**YOUR OBJECTIVE:** Here is the task for the records below: repeat exactly the lines from the one with "#97=LINE('',#96,#95);" to the one with "#109=EDGE_LOOP('',(#33,#42,#50,#59,#67,#76,#84,#93,#101,#108));", both included, and nothing else.

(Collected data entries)
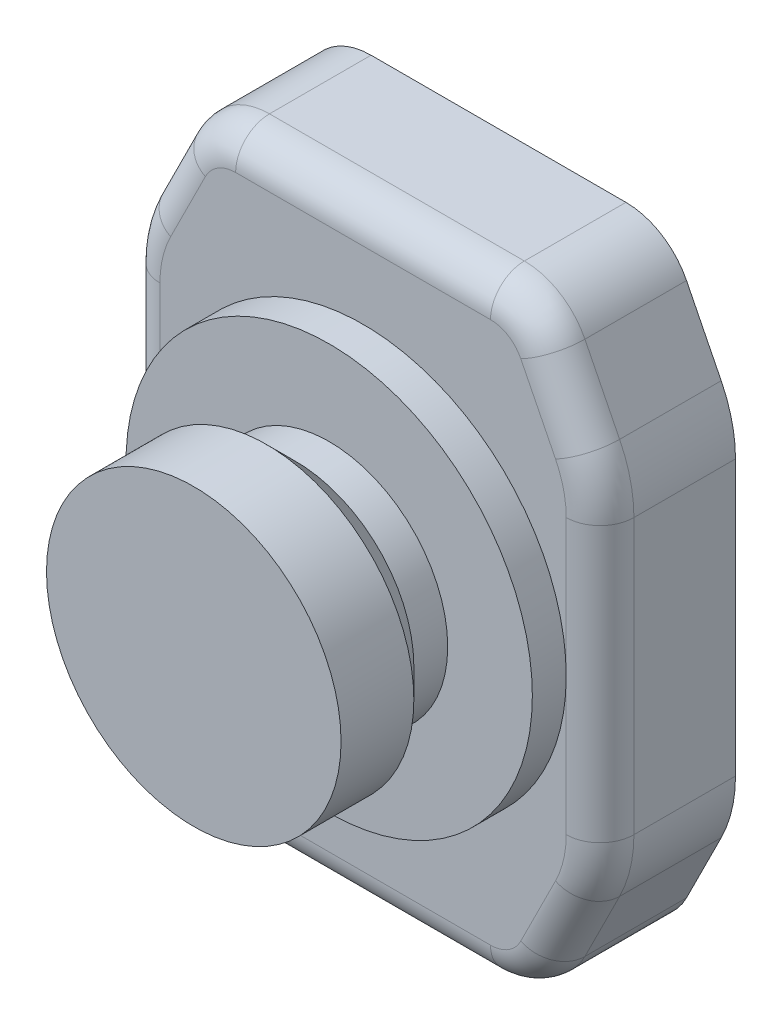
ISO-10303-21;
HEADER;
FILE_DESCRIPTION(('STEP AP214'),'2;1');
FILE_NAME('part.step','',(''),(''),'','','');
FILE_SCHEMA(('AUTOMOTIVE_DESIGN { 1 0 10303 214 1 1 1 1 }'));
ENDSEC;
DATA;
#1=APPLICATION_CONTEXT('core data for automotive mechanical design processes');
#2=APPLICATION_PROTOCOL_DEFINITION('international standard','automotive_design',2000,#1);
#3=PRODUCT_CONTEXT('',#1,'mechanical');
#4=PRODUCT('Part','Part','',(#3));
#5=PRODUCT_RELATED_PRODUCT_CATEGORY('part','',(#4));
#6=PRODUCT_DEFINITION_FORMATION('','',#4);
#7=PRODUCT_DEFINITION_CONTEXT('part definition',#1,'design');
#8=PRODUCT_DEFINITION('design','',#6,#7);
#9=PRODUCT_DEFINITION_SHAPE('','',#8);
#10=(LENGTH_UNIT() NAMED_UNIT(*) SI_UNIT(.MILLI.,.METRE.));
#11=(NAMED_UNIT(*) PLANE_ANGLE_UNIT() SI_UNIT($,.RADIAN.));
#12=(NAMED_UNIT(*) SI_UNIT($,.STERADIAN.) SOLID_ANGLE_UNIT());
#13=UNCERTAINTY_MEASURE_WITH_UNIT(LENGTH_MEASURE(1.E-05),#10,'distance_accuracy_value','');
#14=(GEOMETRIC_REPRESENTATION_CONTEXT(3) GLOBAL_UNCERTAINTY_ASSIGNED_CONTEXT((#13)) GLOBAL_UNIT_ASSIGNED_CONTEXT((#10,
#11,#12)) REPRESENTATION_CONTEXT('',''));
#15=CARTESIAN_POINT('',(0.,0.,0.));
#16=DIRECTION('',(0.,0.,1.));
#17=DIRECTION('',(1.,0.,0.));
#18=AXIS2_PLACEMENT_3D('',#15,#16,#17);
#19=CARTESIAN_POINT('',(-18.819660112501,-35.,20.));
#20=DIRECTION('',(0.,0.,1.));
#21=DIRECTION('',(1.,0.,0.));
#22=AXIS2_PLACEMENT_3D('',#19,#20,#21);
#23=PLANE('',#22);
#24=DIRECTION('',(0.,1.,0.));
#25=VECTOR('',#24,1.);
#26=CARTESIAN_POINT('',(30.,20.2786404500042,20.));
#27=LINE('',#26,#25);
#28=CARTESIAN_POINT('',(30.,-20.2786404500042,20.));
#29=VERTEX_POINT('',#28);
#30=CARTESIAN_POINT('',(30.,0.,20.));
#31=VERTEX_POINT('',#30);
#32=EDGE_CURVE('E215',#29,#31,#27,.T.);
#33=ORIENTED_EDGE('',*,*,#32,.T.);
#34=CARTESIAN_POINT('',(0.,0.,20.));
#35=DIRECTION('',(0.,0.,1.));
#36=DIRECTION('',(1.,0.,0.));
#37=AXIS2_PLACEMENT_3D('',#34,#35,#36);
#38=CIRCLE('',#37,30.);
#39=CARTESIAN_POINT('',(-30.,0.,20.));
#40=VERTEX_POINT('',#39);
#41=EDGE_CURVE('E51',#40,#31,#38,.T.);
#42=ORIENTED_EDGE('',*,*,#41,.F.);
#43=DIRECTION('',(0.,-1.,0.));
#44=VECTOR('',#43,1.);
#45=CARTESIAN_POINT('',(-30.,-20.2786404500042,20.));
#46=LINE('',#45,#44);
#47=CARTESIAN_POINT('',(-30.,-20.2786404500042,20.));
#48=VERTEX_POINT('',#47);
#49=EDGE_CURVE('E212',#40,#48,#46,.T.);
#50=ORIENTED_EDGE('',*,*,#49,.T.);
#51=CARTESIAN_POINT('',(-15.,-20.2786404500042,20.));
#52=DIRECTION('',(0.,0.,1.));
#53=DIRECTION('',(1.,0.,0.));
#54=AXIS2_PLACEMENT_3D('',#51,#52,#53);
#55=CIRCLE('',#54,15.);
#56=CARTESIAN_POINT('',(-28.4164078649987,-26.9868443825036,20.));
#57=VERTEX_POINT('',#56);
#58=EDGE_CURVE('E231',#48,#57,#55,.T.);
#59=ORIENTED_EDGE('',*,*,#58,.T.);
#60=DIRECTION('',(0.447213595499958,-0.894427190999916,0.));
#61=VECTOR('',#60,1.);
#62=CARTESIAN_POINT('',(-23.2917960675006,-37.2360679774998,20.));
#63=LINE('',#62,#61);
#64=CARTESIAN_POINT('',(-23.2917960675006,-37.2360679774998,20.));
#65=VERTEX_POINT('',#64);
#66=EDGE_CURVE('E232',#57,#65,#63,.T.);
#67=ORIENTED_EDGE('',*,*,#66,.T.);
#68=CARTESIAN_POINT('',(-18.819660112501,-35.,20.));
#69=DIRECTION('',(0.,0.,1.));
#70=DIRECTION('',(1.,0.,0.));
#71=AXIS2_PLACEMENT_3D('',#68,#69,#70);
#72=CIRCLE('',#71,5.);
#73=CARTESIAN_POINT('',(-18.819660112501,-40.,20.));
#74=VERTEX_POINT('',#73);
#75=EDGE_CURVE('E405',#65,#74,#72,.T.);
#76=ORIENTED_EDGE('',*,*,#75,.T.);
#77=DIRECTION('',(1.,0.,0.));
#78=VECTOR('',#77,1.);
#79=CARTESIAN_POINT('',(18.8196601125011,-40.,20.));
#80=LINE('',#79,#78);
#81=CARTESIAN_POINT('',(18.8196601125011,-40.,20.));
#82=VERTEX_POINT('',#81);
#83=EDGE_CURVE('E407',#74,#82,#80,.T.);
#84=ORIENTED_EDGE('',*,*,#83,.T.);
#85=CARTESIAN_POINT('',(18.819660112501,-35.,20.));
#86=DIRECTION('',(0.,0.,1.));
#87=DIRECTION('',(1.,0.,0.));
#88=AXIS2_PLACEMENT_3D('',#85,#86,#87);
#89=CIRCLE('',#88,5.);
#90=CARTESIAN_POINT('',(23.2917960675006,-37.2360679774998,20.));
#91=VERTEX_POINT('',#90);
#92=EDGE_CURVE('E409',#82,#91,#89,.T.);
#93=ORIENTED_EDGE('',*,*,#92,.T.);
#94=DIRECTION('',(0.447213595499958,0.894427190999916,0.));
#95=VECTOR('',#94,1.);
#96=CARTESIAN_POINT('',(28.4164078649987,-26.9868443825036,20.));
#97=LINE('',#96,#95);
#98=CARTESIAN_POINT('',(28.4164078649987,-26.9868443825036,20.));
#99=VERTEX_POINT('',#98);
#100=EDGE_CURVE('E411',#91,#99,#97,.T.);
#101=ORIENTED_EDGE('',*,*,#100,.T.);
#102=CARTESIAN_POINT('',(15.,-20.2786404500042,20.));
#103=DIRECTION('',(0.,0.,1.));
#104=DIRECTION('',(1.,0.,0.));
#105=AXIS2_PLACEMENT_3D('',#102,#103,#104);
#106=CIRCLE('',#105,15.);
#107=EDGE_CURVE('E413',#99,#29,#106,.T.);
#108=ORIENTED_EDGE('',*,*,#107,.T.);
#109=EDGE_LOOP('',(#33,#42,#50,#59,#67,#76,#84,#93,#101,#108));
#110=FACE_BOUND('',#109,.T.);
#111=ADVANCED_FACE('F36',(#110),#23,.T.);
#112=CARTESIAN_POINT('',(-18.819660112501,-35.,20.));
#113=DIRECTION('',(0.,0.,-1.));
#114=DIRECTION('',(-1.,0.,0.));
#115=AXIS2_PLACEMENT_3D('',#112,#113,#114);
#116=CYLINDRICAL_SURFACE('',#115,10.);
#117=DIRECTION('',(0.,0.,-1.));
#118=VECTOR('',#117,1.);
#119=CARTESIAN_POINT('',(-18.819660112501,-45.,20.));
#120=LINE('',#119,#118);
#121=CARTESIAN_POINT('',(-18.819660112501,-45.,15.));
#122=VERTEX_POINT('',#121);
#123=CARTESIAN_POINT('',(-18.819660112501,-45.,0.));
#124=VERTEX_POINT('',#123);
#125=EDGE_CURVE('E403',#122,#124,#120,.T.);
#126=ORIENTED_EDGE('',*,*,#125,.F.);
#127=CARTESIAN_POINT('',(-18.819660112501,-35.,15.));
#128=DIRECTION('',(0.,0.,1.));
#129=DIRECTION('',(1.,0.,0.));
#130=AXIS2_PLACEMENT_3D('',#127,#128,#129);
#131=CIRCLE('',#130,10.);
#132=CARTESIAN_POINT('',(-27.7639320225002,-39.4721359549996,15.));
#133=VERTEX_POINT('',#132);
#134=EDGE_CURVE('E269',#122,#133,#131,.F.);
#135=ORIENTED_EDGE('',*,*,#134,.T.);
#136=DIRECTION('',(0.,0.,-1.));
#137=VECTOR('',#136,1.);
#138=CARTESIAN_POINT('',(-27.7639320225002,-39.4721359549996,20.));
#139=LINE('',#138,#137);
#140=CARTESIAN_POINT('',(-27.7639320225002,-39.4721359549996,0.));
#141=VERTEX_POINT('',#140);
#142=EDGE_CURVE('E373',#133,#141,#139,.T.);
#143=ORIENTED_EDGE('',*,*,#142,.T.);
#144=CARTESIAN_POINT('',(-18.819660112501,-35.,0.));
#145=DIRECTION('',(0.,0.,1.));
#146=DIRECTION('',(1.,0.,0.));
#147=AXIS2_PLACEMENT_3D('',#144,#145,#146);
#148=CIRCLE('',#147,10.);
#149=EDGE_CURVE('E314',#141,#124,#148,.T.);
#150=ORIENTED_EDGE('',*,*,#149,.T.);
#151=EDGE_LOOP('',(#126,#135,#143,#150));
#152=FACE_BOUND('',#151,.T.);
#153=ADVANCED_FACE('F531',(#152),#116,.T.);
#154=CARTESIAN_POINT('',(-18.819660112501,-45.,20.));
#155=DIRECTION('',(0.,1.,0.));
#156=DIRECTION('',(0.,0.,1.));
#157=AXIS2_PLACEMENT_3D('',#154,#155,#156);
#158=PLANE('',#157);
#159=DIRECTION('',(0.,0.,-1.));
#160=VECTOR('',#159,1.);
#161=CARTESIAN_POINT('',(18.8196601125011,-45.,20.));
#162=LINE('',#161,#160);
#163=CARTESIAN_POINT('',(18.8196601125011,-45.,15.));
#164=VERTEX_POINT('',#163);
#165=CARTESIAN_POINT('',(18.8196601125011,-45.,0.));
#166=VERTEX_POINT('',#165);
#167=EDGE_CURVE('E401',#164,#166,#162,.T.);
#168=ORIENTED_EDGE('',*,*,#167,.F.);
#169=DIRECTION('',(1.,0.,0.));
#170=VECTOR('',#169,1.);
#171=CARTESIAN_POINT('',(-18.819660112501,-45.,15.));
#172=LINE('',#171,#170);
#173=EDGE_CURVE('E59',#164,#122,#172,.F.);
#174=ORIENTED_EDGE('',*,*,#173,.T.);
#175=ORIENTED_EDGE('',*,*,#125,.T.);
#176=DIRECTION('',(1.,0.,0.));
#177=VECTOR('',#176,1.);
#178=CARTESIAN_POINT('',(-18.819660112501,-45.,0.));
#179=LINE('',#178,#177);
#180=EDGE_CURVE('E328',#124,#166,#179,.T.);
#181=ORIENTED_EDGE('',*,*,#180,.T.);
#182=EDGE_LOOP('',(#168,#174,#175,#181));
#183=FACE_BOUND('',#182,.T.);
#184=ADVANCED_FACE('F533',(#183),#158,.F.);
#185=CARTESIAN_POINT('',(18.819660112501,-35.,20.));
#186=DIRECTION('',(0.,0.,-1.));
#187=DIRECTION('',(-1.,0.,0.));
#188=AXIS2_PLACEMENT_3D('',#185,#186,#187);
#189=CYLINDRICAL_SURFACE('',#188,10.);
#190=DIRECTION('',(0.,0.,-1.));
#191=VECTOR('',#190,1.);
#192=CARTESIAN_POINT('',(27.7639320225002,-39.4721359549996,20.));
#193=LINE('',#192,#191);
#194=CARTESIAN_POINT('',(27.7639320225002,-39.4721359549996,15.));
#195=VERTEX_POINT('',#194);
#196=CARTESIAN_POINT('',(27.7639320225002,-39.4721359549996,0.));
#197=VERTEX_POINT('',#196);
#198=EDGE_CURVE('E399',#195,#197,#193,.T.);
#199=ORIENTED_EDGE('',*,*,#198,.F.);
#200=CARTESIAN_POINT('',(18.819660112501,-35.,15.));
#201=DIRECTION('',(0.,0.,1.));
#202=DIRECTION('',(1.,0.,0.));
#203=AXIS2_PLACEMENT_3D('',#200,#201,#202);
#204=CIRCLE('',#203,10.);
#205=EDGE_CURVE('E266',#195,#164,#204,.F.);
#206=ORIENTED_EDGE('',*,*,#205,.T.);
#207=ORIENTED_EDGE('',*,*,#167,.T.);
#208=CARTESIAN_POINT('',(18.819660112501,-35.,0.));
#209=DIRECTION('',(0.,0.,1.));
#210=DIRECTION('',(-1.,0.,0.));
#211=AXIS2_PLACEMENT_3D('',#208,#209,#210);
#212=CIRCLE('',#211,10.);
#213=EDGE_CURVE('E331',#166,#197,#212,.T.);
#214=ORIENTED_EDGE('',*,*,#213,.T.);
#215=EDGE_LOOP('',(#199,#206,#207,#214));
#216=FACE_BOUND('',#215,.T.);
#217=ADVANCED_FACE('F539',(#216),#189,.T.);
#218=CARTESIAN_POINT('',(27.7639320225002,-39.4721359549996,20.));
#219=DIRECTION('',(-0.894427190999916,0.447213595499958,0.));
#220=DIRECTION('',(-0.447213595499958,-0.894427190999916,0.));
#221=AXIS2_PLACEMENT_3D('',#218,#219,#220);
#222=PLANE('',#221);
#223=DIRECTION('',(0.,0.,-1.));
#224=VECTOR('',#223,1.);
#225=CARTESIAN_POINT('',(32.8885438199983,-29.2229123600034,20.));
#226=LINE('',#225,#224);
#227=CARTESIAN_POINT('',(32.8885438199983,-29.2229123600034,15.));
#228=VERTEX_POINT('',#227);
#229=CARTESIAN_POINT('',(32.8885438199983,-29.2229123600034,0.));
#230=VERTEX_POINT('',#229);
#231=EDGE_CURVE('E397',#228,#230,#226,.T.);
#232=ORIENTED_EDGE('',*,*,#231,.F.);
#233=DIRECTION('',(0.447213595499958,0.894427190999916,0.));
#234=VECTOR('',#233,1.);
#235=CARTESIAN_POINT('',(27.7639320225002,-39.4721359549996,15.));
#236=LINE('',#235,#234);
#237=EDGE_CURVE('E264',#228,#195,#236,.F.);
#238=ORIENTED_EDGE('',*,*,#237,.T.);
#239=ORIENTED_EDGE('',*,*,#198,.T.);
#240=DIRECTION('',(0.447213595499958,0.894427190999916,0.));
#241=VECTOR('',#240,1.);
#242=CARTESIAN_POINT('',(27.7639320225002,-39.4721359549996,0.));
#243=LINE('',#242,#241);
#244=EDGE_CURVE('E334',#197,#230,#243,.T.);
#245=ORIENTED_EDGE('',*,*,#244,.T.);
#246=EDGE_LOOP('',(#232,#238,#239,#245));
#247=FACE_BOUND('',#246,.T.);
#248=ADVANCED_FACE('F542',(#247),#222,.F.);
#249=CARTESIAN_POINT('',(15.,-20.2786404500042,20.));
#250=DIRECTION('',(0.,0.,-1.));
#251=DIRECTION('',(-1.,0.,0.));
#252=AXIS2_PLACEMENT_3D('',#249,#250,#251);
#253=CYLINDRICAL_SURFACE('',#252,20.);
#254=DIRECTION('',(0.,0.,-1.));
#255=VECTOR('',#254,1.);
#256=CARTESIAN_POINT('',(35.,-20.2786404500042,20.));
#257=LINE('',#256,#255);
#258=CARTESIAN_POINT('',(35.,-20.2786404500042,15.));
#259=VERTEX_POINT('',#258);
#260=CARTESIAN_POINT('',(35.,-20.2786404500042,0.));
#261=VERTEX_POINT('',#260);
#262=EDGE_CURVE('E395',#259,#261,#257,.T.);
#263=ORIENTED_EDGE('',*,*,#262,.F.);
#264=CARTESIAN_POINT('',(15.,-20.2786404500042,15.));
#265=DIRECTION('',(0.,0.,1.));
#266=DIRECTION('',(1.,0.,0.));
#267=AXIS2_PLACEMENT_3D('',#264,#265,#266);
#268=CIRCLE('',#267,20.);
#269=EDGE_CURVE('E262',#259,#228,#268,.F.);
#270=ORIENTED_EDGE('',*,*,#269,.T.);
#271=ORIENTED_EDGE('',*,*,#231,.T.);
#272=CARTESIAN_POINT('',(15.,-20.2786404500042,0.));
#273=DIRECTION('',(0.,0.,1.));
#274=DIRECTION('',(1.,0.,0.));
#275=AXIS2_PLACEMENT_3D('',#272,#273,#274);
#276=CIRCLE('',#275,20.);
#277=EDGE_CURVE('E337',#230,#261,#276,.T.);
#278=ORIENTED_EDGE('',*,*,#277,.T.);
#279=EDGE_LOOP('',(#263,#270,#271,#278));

**EXERCISE OUTPUT:**
#97=LINE('',#96,#95);
#98=CARTESIAN_POINT('',(28.4164078649987,-26.9868443825036,20.));
#99=VERTEX_POINT('',#98);
#100=EDGE_CURVE('E411',#91,#99,#97,.T.);
#101=ORIENTED_EDGE('',*,*,#100,.T.);
#102=CARTESIAN_POINT('',(15.,-20.2786404500042,20.));
#103=DIRECTION('',(0.,0.,1.));
#104=DIRECTION('',(1.,0.,0.));
#105=AXIS2_PLACEMENT_3D('',#102,#103,#104);
#106=CIRCLE('',#105,15.);
#107=EDGE_CURVE('E413',#99,#29,#106,.T.);
#108=ORIENTED_EDGE('',*,*,#107,.T.);
#109=EDGE_LOOP('',(#33,#42,#50,#59,#67,#76,#84,#93,#101,#108));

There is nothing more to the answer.